Therefore, the simplest possibility to correct for radiometabolites are mathematically or population-based models. For the described tracers, [¹¹C]harmine and [¹¹C]DASB, metabolite data of single-tracer measurements are available. Dual-tracer application using a mathematically model should therefore include comparable study populations^27,28,29. Notably, the ability of potential radiometabolites to cross the blood brain barrier is low since all described derivatives are more hydrophilic than the parent compounds^30,31,32. Therefore, metabolite identification is unnecessary for kinetic modelling and only the amount of parent compound has to be taken into account. Based on the separation of DASB and harmine, which was shown in the analytical and semi-preparative chromatograms, we suppose that a radio-HPLC assay or a cartridge and radio-HPLC combination can be established for quantification and separation of the parent compounds from each other and their radio-metabolites.

Dual-tracer simulation

Considering that [¹¹C]harmine and [¹¹C]DASB are important PET brain tracers for imaging the serotonergic system, the multi-tracer concept has potential to overcome day-to-day variations and increase PET-scanner efficiency. Multi-tracer applications may drive more complex study designs in psychiatric research cause to higher practicability performing longitudinal studies and studies including intervention while studying two protein targets simultaneously.
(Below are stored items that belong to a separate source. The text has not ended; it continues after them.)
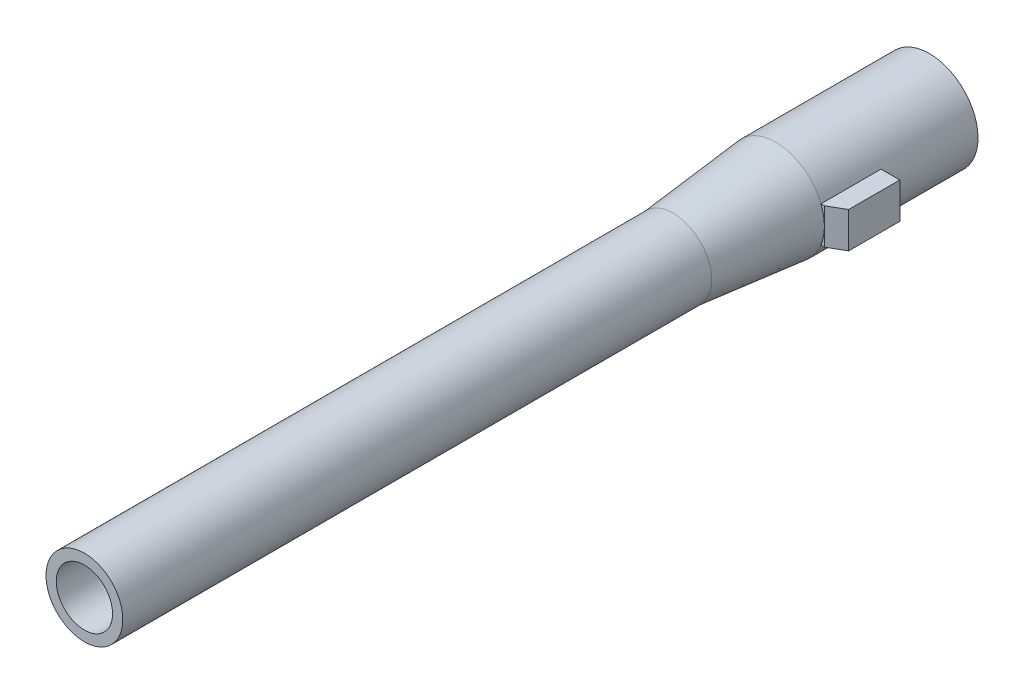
ISO-10303-21;
HEADER;
FILE_DESCRIPTION(('STEP AP214'),'2;1');
FILE_NAME('part.step','',(''),(''),'','','');
FILE_SCHEMA(('AUTOMOTIVE_DESIGN { 1 0 10303 214 1 1 1 1 }'));
ENDSEC;
DATA;
#1=APPLICATION_CONTEXT('core data for automotive mechanical design processes');
#2=APPLICATION_PROTOCOL_DEFINITION('international standard','automotive_design',2000,#1);
#3=PRODUCT_CONTEXT('',#1,'mechanical');
#4=PRODUCT('Part','Part','',(#3));
#5=PRODUCT_RELATED_PRODUCT_CATEGORY('part','',(#4));
#6=PRODUCT_DEFINITION_FORMATION('','',#4);
#7=PRODUCT_DEFINITION_CONTEXT('part definition',#1,'design');
#8=PRODUCT_DEFINITION('design','',#6,#7);
#9=PRODUCT_DEFINITION_SHAPE('','',#8);
#10=(LENGTH_UNIT() NAMED_UNIT(*) SI_UNIT(.MILLI.,.METRE.));
#11=(NAMED_UNIT(*) PLANE_ANGLE_UNIT() SI_UNIT($,.RADIAN.));
#12=(NAMED_UNIT(*) SI_UNIT($,.STERADIAN.) SOLID_ANGLE_UNIT());
#13=UNCERTAINTY_MEASURE_WITH_UNIT(LENGTH_MEASURE(1.E-05),#10,'distance_accuracy_value','');
#14=(GEOMETRIC_REPRESENTATION_CONTEXT(3) GLOBAL_UNCERTAINTY_ASSIGNED_CONTEXT((#13)) GLOBAL_UNIT_ASSIGNED_CONTEXT((#10,
#11,#12)) REPRESENTATION_CONTEXT('',''));
#15=CARTESIAN_POINT('',(0.,0.,0.));
#16=DIRECTION('',(0.,0.,1.));
#17=DIRECTION('',(1.,0.,0.));
#18=AXIS2_PLACEMENT_3D('',#15,#16,#17);
#19=CARTESIAN_POINT('',(0.,0.,30.));
#20=DIRECTION('',(0.,0.,-1.));
#21=DIRECTION('',(-1.,0.,0.));
#22=AXIS2_PLACEMENT_3D('',#19,#20,#21);
#23=CYLINDRICAL_SURFACE('',#22,9.5);
#24=CARTESIAN_POINT('',(0.,0.,0.));
#25=DIRECTION('',(0.,0.,1.));
#26=DIRECTION('',(1.,0.,0.));
#27=AXIS2_PLACEMENT_3D('',#24,#25,#26);
#28=CIRCLE('',#27,9.5);
#29=CARTESIAN_POINT('',(9.5,0.,0.));
#30=VERTEX_POINT('',#29);
#31=EDGE_CURVE('E38',#30,#30,#28,.T.);
#32=ORIENTED_EDGE('',*,*,#31,.T.);
#33=EDGE_LOOP('',(#32));
#34=FACE_BOUND('',#33,.T.);
#35=DIRECTION('',(0.,0.,-1.));
#36=VECTOR('',#35,1.);
#37=CARTESIAN_POINT('',(8.83176086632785,-3.5,30.));
#38=LINE('',#37,#36);
#39=CARTESIAN_POINT('',(8.83176086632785,-3.5,30.));
#40=VERTEX_POINT('',#39);
#41=CARTESIAN_POINT('',(8.83176086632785,-3.5,18.2679491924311));
#42=VERTEX_POINT('',#41);
#43=EDGE_CURVE('E127',#40,#42,#38,.T.);
#44=ORIENTED_EDGE('',*,*,#43,.F.);
#45=CARTESIAN_POINT('',(0.,0.,30.));
#46=DIRECTION('',(0.,0.,1.));
#47=DIRECTION('',(1.,0.,0.));
#48=AXIS2_PLACEMENT_3D('',#45,#46,#47);
#49=CIRCLE('',#48,9.5);
#50=CARTESIAN_POINT('',(8.83176086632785,3.5,30.));
#51=VERTEX_POINT('',#50);
#52=EDGE_CURVE('E43',#51,#40,#49,.T.);
#53=ORIENTED_EDGE('',*,*,#52,.F.);
#54=DIRECTION('',(0.,0.,-1.));
#55=VECTOR('',#54,1.);
#56=CARTESIAN_POINT('',(8.83176086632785,3.5,30.));
#57=LINE('',#56,#55);
#58=CARTESIAN_POINT('',(8.83176086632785,3.5,18.2679491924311));
#59=VERTEX_POINT('',#58);
#60=EDGE_CURVE('E101',#51,#59,#57,.T.);
#61=ORIENTED_EDGE('',*,*,#60,.T.);
#62=CARTESIAN_POINT('',(0.,0.,18.2679491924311));
#63=DIRECTION('',(0.,0.,-1.));
#64=DIRECTION('',(-1.,0.,0.));
#65=AXIS2_PLACEMENT_3D('',#62,#63,#64);
#66=CIRCLE('',#65,9.5);
#67=EDGE_CURVE('E129',#59,#42,#66,.T.);
#68=ORIENTED_EDGE('',*,*,#67,.T.);
#69=EDGE_LOOP('',(#44,#53,#61,#68));
#70=FACE_BOUND('',#69,.T.);
#71=ADVANCED_FACE('F35',(#34,#70),#23,.T.);
#72=CARTESIAN_POINT('',(0.,0.,0.));
#73=DIRECTION('',(0.,0.,1.));
#74=DIRECTION('',(1.,0.,0.));
#75=AXIS2_PLACEMENT_3D('',#72,#73,#74);
#76=PLANE('',#75);
#77=ORIENTED_EDGE('',*,*,#31,.F.);
#78=EDGE_LOOP('',(#77));
#79=FACE_BOUND('',#78,.T.);
#80=CARTESIAN_POINT('',(0.,0.,0.));
#81=DIRECTION('',(0.,0.,1.));
#82=DIRECTION('',(1.,0.,0.));
#83=AXIS2_PLACEMENT_3D('',#80,#81,#82);
#84=CIRCLE('',#83,7.6);
#85=CARTESIAN_POINT('',(7.6,0.,0.));
#86=VERTEX_POINT('',#85);
#87=EDGE_CURVE('E144',#86,#86,#84,.T.);
#88=ORIENTED_EDGE('',*,*,#87,.T.);
#89=EDGE_LOOP('',(#88));
#90=FACE_BOUND('',#89,.T.);
#91=ADVANCED_FACE('F178',(#79,#90),#76,.F.);
#92=CARTESIAN_POINT('',(0.,0.,30.));
#93=DIRECTION('',(0.,0.,-1.));
#94=DIRECTION('',(-1.,0.,0.));
#95=AXIS2_PLACEMENT_3D('',#92,#93,#94);
#96=CYLINDRICAL_SURFACE('',#95,7.6);
#97=CARTESIAN_POINT('',(0.,0.,30.));
#98=DIRECTION('',(0.,0.,-1.));
#99=DIRECTION('',(-1.,0.,0.));
#100=AXIS2_PLACEMENT_3D('',#97,#98,#99);
#101=CIRCLE('',#100,7.6);
#102=CARTESIAN_POINT('',(-7.6,0.,30.));
#103=VERTEX_POINT('',#102);
#104=EDGE_CURVE('E231',#103,#103,#101,.T.);
#105=ORIENTED_EDGE('',*,*,#104,.F.);
#106=EDGE_LOOP('',(#105));
#107=FACE_BOUND('',#106,.T.);
#108=ORIENTED_EDGE('',*,*,#87,.F.);
#109=EDGE_LOOP('',(#108));
#110=FACE_BOUND('',#109,.T.);
#111=ADVANCED_FACE('F184',(#107,#110),#96,.F.);
#112=CARTESIAN_POINT('',(0.,0.,30.));
#113=DIRECTION('',(0.,0.,-1.));
#114=DIRECTION('',(-1.,0.,0.));
#115=AXIS2_PLACEMENT_3D('',#112,#113,#114);
#116=CYLINDRICAL_SURFACE('',#115,7.49999999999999);
#117=CARTESIAN_POINT('',(0.,0.,50.));
#118=DIRECTION('',(0.,0.,-1.));
#119=DIRECTION('',(-1.,0.,0.));
#120=AXIS2_PLACEMENT_3D('',#117,#118,#119);
#121=CIRCLE('',#120,7.5);
#122=CARTESIAN_POINT('',(-7.5,0.,50.));
#123=VERTEX_POINT('',#122);
#124=EDGE_CURVE('E132',#123,#123,#121,.T.);
#125=ORIENTED_EDGE('',*,*,#124,.F.);
#126=EDGE_LOOP('',(#125));
#127=FACE_BOUND('',#126,.T.);
#128=CARTESIAN_POINT('',(0.,0.,165.));
#129=DIRECTION('',(0.,0.,-1.));
#130=DIRECTION('',(-1.,0.,0.));
#131=AXIS2_PLACEMENT_3D('',#128,#129,#130);
#132=CIRCLE('',#131,7.49999999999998);
#133=CARTESIAN_POINT('',(-7.49999999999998,0.,165.));
#134=VERTEX_POINT('',#133);
#135=EDGE_CURVE('E141',#134,#134,#132,.T.);
#136=ORIENTED_EDGE('',*,*,#135,.T.);
#137=EDGE_LOOP('',(#136));
#138=FACE_BOUND('',#137,.T.);
#139=ADVANCED_FACE('F189',(#127,#138),#116,.T.);
#140=CARTESIAN_POINT('',(0.,0.,165.));
#141=DIRECTION('',(0.,0.,-1.));
#142=DIRECTION('',(-1.,0.,0.));
#143=AXIS2_PLACEMENT_3D('',#140,#141,#142);
#144=PLANE('',#143);
#145=ORIENTED_EDGE('',*,*,#135,.F.);
#146=EDGE_LOOP('',(#145));
#147=FACE_BOUND('',#146,.T.);
#148=CARTESIAN_POINT('',(0.,0.,165.));
#149=DIRECTION('',(0.,0.,-1.));
#150=DIRECTION('',(-1.,0.,0.));
#151=AXIS2_PLACEMENT_3D('',#148,#149,#150);
#152=CIRCLE('',#151,5.49999999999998);
#153=CARTESIAN_POINT('',(-5.49999999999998,0.,165.));
#154=VERTEX_POINT('',#153);
#155=EDGE_CURVE('E138',#154,#154,#152,.T.);
#156=ORIENTED_EDGE('',*,*,#155,.T.);
#157=EDGE_LOOP('',(#156));
#158=FACE_BOUND('',#157,.T.);
#159=ADVANCED_FACE('F195',(#147,#158),#144,.F.);
#160=CARTESIAN_POINT('',(0.,0.,142.80777));
#161=DIRECTION('',(0.,0.,1.));
#162=DIRECTION('',(1.,0.,0.));
#163=AXIS2_PLACEMENT_3D('',#160,#161,#162);
#164=CONICAL_SURFACE('',#163,4.99999999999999,0.0225265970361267);
#165=ORIENTED_EDGE('',*,*,#155,.F.);
#166=EDGE_LOOP('',(#165));
#167=FACE_BOUND('',#166,.T.);
#168=CARTESIAN_POINT('',(0.,0.,142.80777));
#169=DIRECTION('',(0.,0.,-1.));
#170=DIRECTION('',(-1.,0.,0.));
#171=AXIS2_PLACEMENT_3D('',#168,#169,#170);
#172=CIRCLE('',#171,4.99999999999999);
#173=CARTESIAN_POINT('',(-4.99999999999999,0.,142.80777));
#174=VERTEX_POINT('',#173);
#175=EDGE_CURVE('E135',#174,#174,#172,.T.);
#176=ORIENTED_EDGE('',*,*,#175,.T.);
#177=EDGE_LOOP('',(#176));
#178=FACE_BOUND('',#177,.T.);
#179=ADVANCED_FACE('F199',(#167,#178),#164,.F.);
#180=CARTESIAN_POINT('',(0.,0.,142.80777));
#181=DIRECTION('',(0.,0.,-1.));
#182=DIRECTION('',(-1.,0.,0.));
#183=AXIS2_PLACEMENT_3D('',#180,#181,#182);
#184=CONICAL_SURFACE('',#183,4.99999999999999,0.00664838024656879);
#185=CARTESIAN_POINT('',(0.,0.,31.8623820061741));
#186=DIRECTION('',(0.,0.,-1.));
#187=DIRECTION('',(-1.,0.,0.));
#188=AXIS2_PLACEMENT_3D('',#185,#186,#187);
#189=CIRCLE('',#188,5.73761799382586);
#190=CARTESIAN_POINT('',(-5.73761799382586,0.,31.8623820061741));
#191=VERTEX_POINT('',#190);
#192=EDGE_CURVE('E102',#191,#191,#189,.T.);
#193=ORIENTED_EDGE('',*,*,#192,.T.);
#194=EDGE_LOOP('',(#193));
#195=FACE_BOUND('',#194,.T.);
#196=ORIENTED_EDGE('',*,*,#175,.F.);
#197=EDGE_LOOP('',(#196));
#198=FACE_BOUND('',#197,.T.);
#199=ADVANCED_FACE('F203',(#195,#198),#184,.F.);
#200=CARTESIAN_POINT('',(0.,0.,50.));
#201=DIRECTION('',(0.,0.,-1.));
#202=DIRECTION('',(-1.,0.,0.));
#203=AXIS2_PLACEMENT_3D('',#200,#201,#202);
#204=CONICAL_SURFACE('',#203,7.5,0.0996686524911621);
#205=CARTESIAN_POINT('',(9.5,0.,30.));
#206=VERTEX_POINT('',#205);
#207=EDGE_CURVE('E11',#206,#51,#49,.T.);
#208=ORIENTED_EDGE('',*,*,#207,.T.);
#209=ORIENTED_EDGE('',*,*,#52,.T.);
#210=EDGE_CURVE('E44',#40,#206,#49,.T.);
#211=ORIENTED_EDGE('',*,*,#210,.T.);
#212=EDGE_LOOP('',(#208,#209,#211));
#213=FACE_BOUND('',#212,.T.);
#214=ORIENTED_EDGE('',*,*,#124,.T.);
#215=EDGE_LOOP('',(#214));
#216=FACE_BOUND('',#215,.T.);
#217=ADVANCED_FACE('F153',(#213,#216),#204,.T.);
#218=CARTESIAN_POINT('',(9.5,-3.5,18.2679491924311));
#219=DIRECTION('',(0.,0.,-1.));
#220=DIRECTION('',(-1.,0.,0.));
#221=AXIS2_PLACEMENT_3D('',#218,#219,#220);
#222=PLANE('',#221);
#223=ORIENTED_EDGE('',*,*,#67,.F.);
#224=DIRECTION('',(-1.,0.,0.));
#225=VECTOR('',#224,1.);
#226=CARTESIAN_POINT('',(12.5,3.5,18.2679491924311));
#227=LINE('',#226,#225);
#228=CARTESIAN_POINT('',(12.5,3.5,18.2679491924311));
#229=VERTEX_POINT('',#228);
#230=EDGE_CURVE('E109',#229,#59,#227,.T.);
#231=ORIENTED_EDGE('',*,*,#230,.F.);
#232=DIRECTION('',(0.,1.,0.));
#233=VECTOR('',#232,1.);
#234=CARTESIAN_POINT('',(12.5,-3.5,18.2679491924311));
#235=LINE('',#234,#233);
#236=CARTESIAN_POINT('',(12.5,-3.5,18.2679491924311));
#237=VERTEX_POINT('',#236);
#238=EDGE_CURVE('E123',#237,#229,#235,.T.);
#239=ORIENTED_EDGE('',*,*,#238,.F.);
#240=DIRECTION('',(-1.,0.,0.));
#241=VECTOR('',#240,1.);
#242=CARTESIAN_POINT('',(12.5,-3.5,18.2679491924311));
#243=LINE('',#242,#241);
#244=EDGE_CURVE('E91',#237,#42,#243,.T.);
#245=ORIENTED_EDGE('',*,*,#244,.T.);
#246=EDGE_LOOP('',(#223,#231,#239,#245));
#247=FACE_BOUND('',#246,.T.);
#248=ADVANCED_FACE('F163',(#247),#222,.T.);
#249=CARTESIAN_POINT('',(7.6,-3.5,30.));
#250=DIRECTION('',(0.,0.,1.));
#251=DIRECTION('',(1.,0.,0.));
#252=AXIS2_PLACEMENT_3D('',#249,#250,#251);
#253=PLANE('',#252);
#254=ORIENTED_EDGE('',*,*,#207,.F.);
#255=DIRECTION('',(0.,1.,0.));
#256=VECTOR('',#255,1.);
#257=CARTESIAN_POINT('',(9.5,-3.5,30.));
#258=LINE('',#257,#256);
#259=CARTESIAN_POINT('',(9.5,3.5,30.));
#260=VERTEX_POINT('',#259);
#261=EDGE_CURVE('E84',#206,#260,#258,.T.);
#262=ORIENTED_EDGE('',*,*,#261,.T.);
#263=DIRECTION('',(1.,0.,0.));
#264=VECTOR('',#263,1.);
#265=CARTESIAN_POINT('',(7.6,3.5,30.));
#266=LINE('',#265,#264);
#267=EDGE_CURVE('E87',#51,#260,#266,.T.);
#268=ORIENTED_EDGE('',*,*,#267,.F.);
#269=EDGE_LOOP('',(#254,#262,#268));
#270=FACE_BOUND('',#269,.T.);
#271=ADVANCED_FACE('F86',(#270),#253,.T.);
#272=ORIENTED_EDGE('',*,*,#210,.F.);
#273=DIRECTION('',(1.,0.,0.));
#274=VECTOR('',#273,1.);
#275=CARTESIAN_POINT('',(7.6,-3.5,30.));
#276=LINE('',#275,#274);
#277=CARTESIAN_POINT('',(9.5,-3.5,30.));
#278=VERTEX_POINT('',#277);
#279=EDGE_CURVE('E114',#40,#278,#276,.T.);
#280=ORIENTED_EDGE('',*,*,#279,.T.);
#281=EDGE_CURVE('E51',#278,#206,#258,.T.);
#282=ORIENTED_EDGE('',*,*,#281,.T.);
#283=EDGE_LOOP('',(#272,#280,#282));
#284=FACE_BOUND('',#283,.T.);
#285=ADVANCED_FACE('F211',(#284),#253,.T.);
#286=CARTESIAN_POINT('',(0.,-3.5,0.));
#287=DIRECTION('',(0.,1.,0.));
#288=DIRECTION('',(0.,0.,1.));
#289=AXIS2_PLACEMENT_3D('',#286,#287,#288);
#290=PLANE('',#289);
#291=ORIENTED_EDGE('',*,*,#279,.F.);
#292=ORIENTED_EDGE('',*,*,#43,.T.);
#293=ORIENTED_EDGE('',*,*,#244,.F.);
#294=DIRECTION('',(0.,0.,-1.));
#295=VECTOR('',#294,1.);
#296=CARTESIAN_POINT('',(12.5,-3.5,28.2679491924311));
#297=LINE('',#296,#295);
#298=CARTESIAN_POINT('',(12.5,-3.5,28.2679491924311));
#299=VERTEX_POINT('',#298);
#300=EDGE_CURVE('E118',#299,#237,#297,.T.);
#301=ORIENTED_EDGE('',*,*,#300,.F.);
#302=DIRECTION('',(0.866025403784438,0.,-0.500000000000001));
#303=VECTOR('',#302,1.);
#304=CARTESIAN_POINT('',(9.5,-3.5,30.));
#305=LINE('',#304,#303);
#306=EDGE_CURVE('E116',#278,#299,#305,.T.);
#307=ORIENTED_EDGE('',*,*,#306,.F.);
#308=EDGE_LOOP('',(#291,#292,#293,#301,#307));
#309=FACE_BOUND('',#308,.T.);
#310=ADVANCED_FACE('F159',(#309),#290,.F.);
#311=CARTESIAN_POINT('',(0.,3.5,0.));
#312=DIRECTION('',(0.,1.,0.));
#313=DIRECTION('',(0.,0.,1.));
#314=AXIS2_PLACEMENT_3D('',#311,#312,#313);
#315=PLANE('',#314);
#316=ORIENTED_EDGE('',*,*,#60,.F.);
#317=ORIENTED_EDGE('',*,*,#267,.T.);
#318=DIRECTION('',(0.866025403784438,0.,-0.500000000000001));
#319=VECTOR('',#318,1.);
#320=CARTESIAN_POINT('',(9.5,3.5,30.));
#321=LINE('',#320,#319);
#322=CARTESIAN_POINT('',(12.5,3.5,28.2679491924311));
#323=VERTEX_POINT('',#322);
#324=EDGE_CURVE('E97',#260,#323,#321,.T.);
#325=ORIENTED_EDGE('',*,*,#324,.T.);
#326=DIRECTION('',(0.,0.,-1.));
#327=VECTOR('',#326,1.);
#328=CARTESIAN_POINT('',(12.5,3.5,28.2679491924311));
#329=LINE('',#328,#327);
#330=EDGE_CURVE('E107',#323,#229,#329,.T.);
#331=ORIENTED_EDGE('',*,*,#330,.T.);
#332=ORIENTED_EDGE('',*,*,#230,.T.);
#333=EDGE_LOOP('',(#316,#317,#325,#331,#332));
#334=FACE_BOUND('',#333,.T.);
#335=ADVANCED_FACE('F95',(#334),#315,.T.);
#336=CARTESIAN_POINT('',(12.5,-3.5,28.2679491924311));
#337=DIRECTION('',(1.,0.,0.));
#338=DIRECTION('',(0.,0.,-1.));
#339=AXIS2_PLACEMENT_3D('',#336,#337,#338);
#340=PLANE('',#339);
#341=ORIENTED_EDGE('',*,*,#238,.T.);
#342=ORIENTED_EDGE('',*,*,#330,.F.);
#343=DIRECTION('',(0.,1.,0.));
#344=VECTOR('',#343,1.);
#345=CARTESIAN_POINT('',(12.5,-3.5,28.2679491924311));
#346=LINE('',#345,#344);
#347=EDGE_CURVE('E106',#299,#323,#346,.T.);
#348=ORIENTED_EDGE('',*,*,#347,.F.);
#349=ORIENTED_EDGE('',*,*,#300,.T.);
#350=EDGE_LOOP('',(#341,#342,#348,#349));
#351=FACE_BOUND('',#350,.T.);
#352=ADVANCED_FACE('F166',(#351),#340,.T.);
#353=CARTESIAN_POINT('',(9.5,-3.5,30.));
#354=DIRECTION('',(0.500000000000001,0.,0.866025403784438));
#355=DIRECTION('',(0.866025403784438,0.,-0.500000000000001));
#356=AXIS2_PLACEMENT_3D('',#353,#354,#355);
#357=PLANE('',#356);
#358=ORIENTED_EDGE('',*,*,#347,.T.);
#359=ORIENTED_EDGE('',*,*,#324,.F.);
#360=ORIENTED_EDGE('',*,*,#261,.F.);
#361=ORIENTED_EDGE('',*,*,#281,.F.);
#362=ORIENTED_EDGE('',*,*,#306,.T.);
#363=EDGE_LOOP('',(#358,#359,#360,#361,#362));
#364=FACE_BOUND('',#363,.T.);
#365=ADVANCED_FACE('F104',(#364),#357,.T.);
#366=CARTESIAN_POINT('',(0.,0.,30.));
#367=DIRECTION('',(0.,0.,-1.));
#368=DIRECTION('',(-1.,0.,0.));
#369=AXIS2_PLACEMENT_3D('',#366,#367,#368);
#370=CONICAL_SURFACE('',#369,7.6,0.785398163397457);
#371=ORIENTED_EDGE('',*,*,#192,.F.);
#372=EDGE_LOOP('',(#371));
#373=FACE_BOUND('',#372,.T.);
#374=ORIENTED_EDGE('',*,*,#104,.T.);
#375=EDGE_LOOP('',(#374));
#376=FACE_BOUND('',#375,.T.);
#377=ADVANCED_FACE('F173',(#373,#376),#370,.F.);
#378=CLOSED_SHELL('',(#71,#91,#111,#139,#159,#179,#199,#217,#248,#271,#285,#310,#335,#352,#365,#377));
#379=MANIFOLD_SOLID_BREP('B2',#378);
#380=ADVANCED_BREP_SHAPE_REPRESENTATION('',(#18,#379),#14);
#381=SHAPE_DEFINITION_REPRESENTATION(#9,#380);
ENDSEC;
END-ISO-10303-21;

Although the target organ of interest is the same and both tracers are labelled with the same radionuclide, we hypothesized that they can be distinguished based on their pharmacokinetics. In previously published studies, Koeppe et al.⁷ has shown that PET quantification of dual-tracer application of two carbon-11 brain tracers with an injection time delay between 10–20 min are as accurate as conventional single-tracer applications. However, these authors and other groups suggested that not every tracer pair can be applied in one dynamic scan. Hence, general models for the analysis of multi- tracer applications are lacking as accurate results are depending on the tracer’s different pharmacokinetics as binding behaviour (reversible or irreversible) and retention mechanisms (binding, trapping, perfusion etc.)². For simulation of a dual-tracer injection of [¹¹C]harmine and [¹¹C]DASB, PET data corrected for radiometabolites of single injections in the same healthy controls were used. V_T values were calculated for several possible dual-tracer protocols, altering which tracer was applied first and with staggered time of injection (no time-delay, 15, 30, and 45 min).

Shorter intervals between the injections than 45 min did not result in sufficient TAC separation of both kinetics or could not be calculated for every of the 13 brain regions, therefore no results are available for these protocols. When [¹¹C]harmine is applied first, V_T for investigate ROIs for [¹¹C]DASB are similar to V_T calculated after single-tracer scan (r_xy = 0.90; Fig. 5, right). Moreover, 45 min of [¹¹C]harmine measurement is sufficient to replicate V_T obtained after 90 min (r_xy = 0.98; Suppl. Fig. 1, right). Accuracy of the dual-tracer measurement is supported also by low APD values (see APD_HAR45 and APD_{DASB_est} in Table 2). Altered order of tracer application did not lead to similar results, particularly, MAO-A distribution was calculated substantially different than in single-tracer measurement (r_xy = 0.46; Fig. 5, left), suggesting that initial application of the tracer with faster kinetics ([¹¹C]harmine), allows for accurate estimation of second tracer parameters^2,6. Correction of radiometabolites during the first 45 min TACs of [¹¹C]harmine can be acquired without potential interference of [¹¹C]DASB and DASB-radiometabolites. Hence, arterial blood sampling and experimental quantification for each of the parent compounds would be possible.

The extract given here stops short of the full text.